Most of what I'll say will be a bit vague, I mainly write Python and C++. I'm
also not too clear on what benefits come from the language and which from the
IDE, my understanding is that JetBrains had a lot to do with it so they are
probably connected.

\- Compile times seem pretty fast.

\- Errors seem clear, haven't been as stumped as I'd expected with a new
language.

\- Greytext types that are inferred are super useful. I do wonder how I'd do
if the IDE didn't tell me what the types were. But it basically means you get
all the benefits of type annotation without having to write out the types.

\- The style of using a lot of filter/map/reduce makes my code more terse, but
the greytext hints keep it easy to understand.

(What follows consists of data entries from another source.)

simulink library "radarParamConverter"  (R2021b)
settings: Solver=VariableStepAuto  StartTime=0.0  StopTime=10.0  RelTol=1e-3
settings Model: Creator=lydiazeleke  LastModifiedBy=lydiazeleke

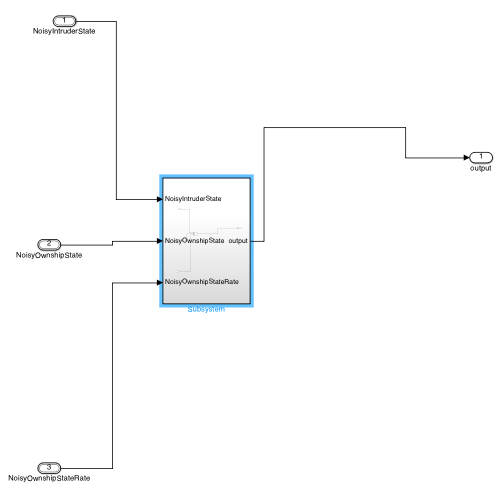
[thumbnail: Simulink's stored preview of the top-level diagram]
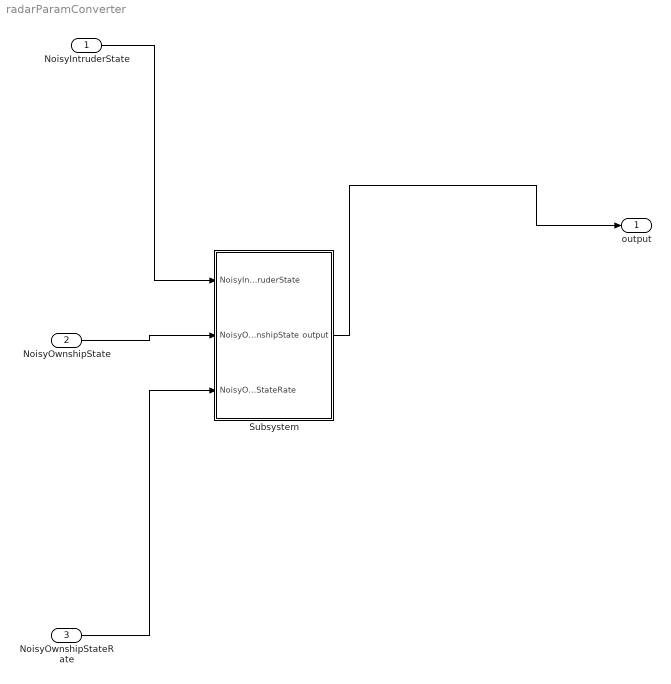
== system radarParamConverter ==
  NoisyIntruderState : Inport  OutDataTypeStr=Bus: AircraftState
  NoisyOwnshipState : Inport  Port=2  OutDataTypeStr=Bus: AircraftState
  NoisyOwnshipStateRate : Inport  Port=3  OutDataTypeStr=Bus: AircraftState
  Subsystem : Subsystem
  output : Outport  VectorParamsAs1DForOutWhenUnconnected=off
  wires:
  NoisyIntruderState/1 -> Subsystem/1(NoisyIntruderState)
  NoisyOwnshipState/1 -> Subsystem/2(NoisyOwnshipState)
  NoisyOwnshipStateRate/1 -> Subsystem/3(NoisyOwnshipStateRate)
  Subsystem/1(output) -> output/1

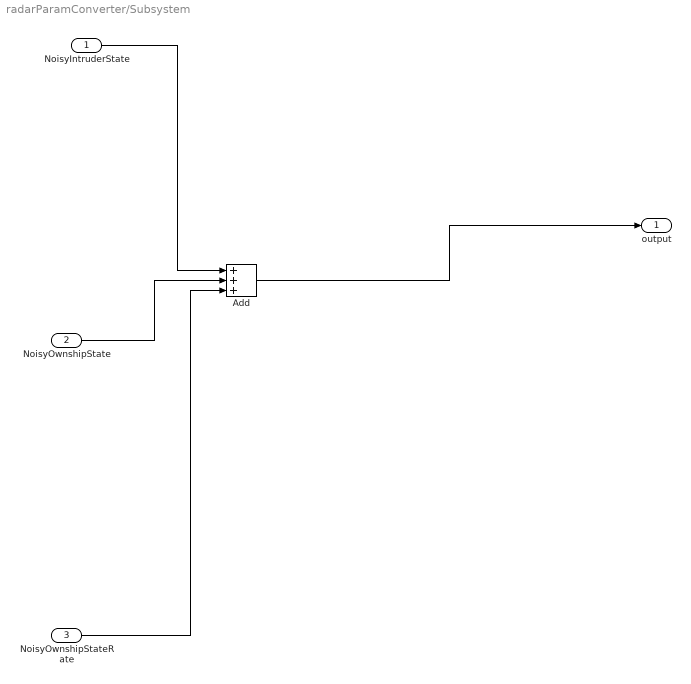
== system radarParamConverter/Subsystem ==
  NoisyIntruderState : Inport  OutDataTypeStr=Bus: AircraftState
  NoisyOwnshipState : Inport  Port=2  OutDataTypeStr=Bus: AircraftState
  NoisyOwnshipStateRate : Inport  Port=3  OutDataTypeStr=Bus: AircraftState
  Add : Sum  Inputs=+++
  output : Outport  VectorParamsAs1DForOutWhenUnconnected=off
  wires:
  NoisyIntruderState/1 -> Add/1
  Add/1 -> output/1
  NoisyOwnshipState/1 -> Add/2
  NoisyOwnshipStateRate/1 -> Add/3

\- Great sugars. No need to add getters and setters for every member. Likewise
it seems to change the calls to old Java lib getters and setters. Data classes
can be short and sweet. One-liner functions in-line for simple stuff to keep
simple stuff short.

\- Can still do whatever you want with Java libs. Unit testing for instance
works much the same.

\- Ecosystem has moved nicely with Kotlin. Ktor and Ebean seem to be on board
and pretty mature.

\- Null safety built in makes it clear where you need to do something about
it.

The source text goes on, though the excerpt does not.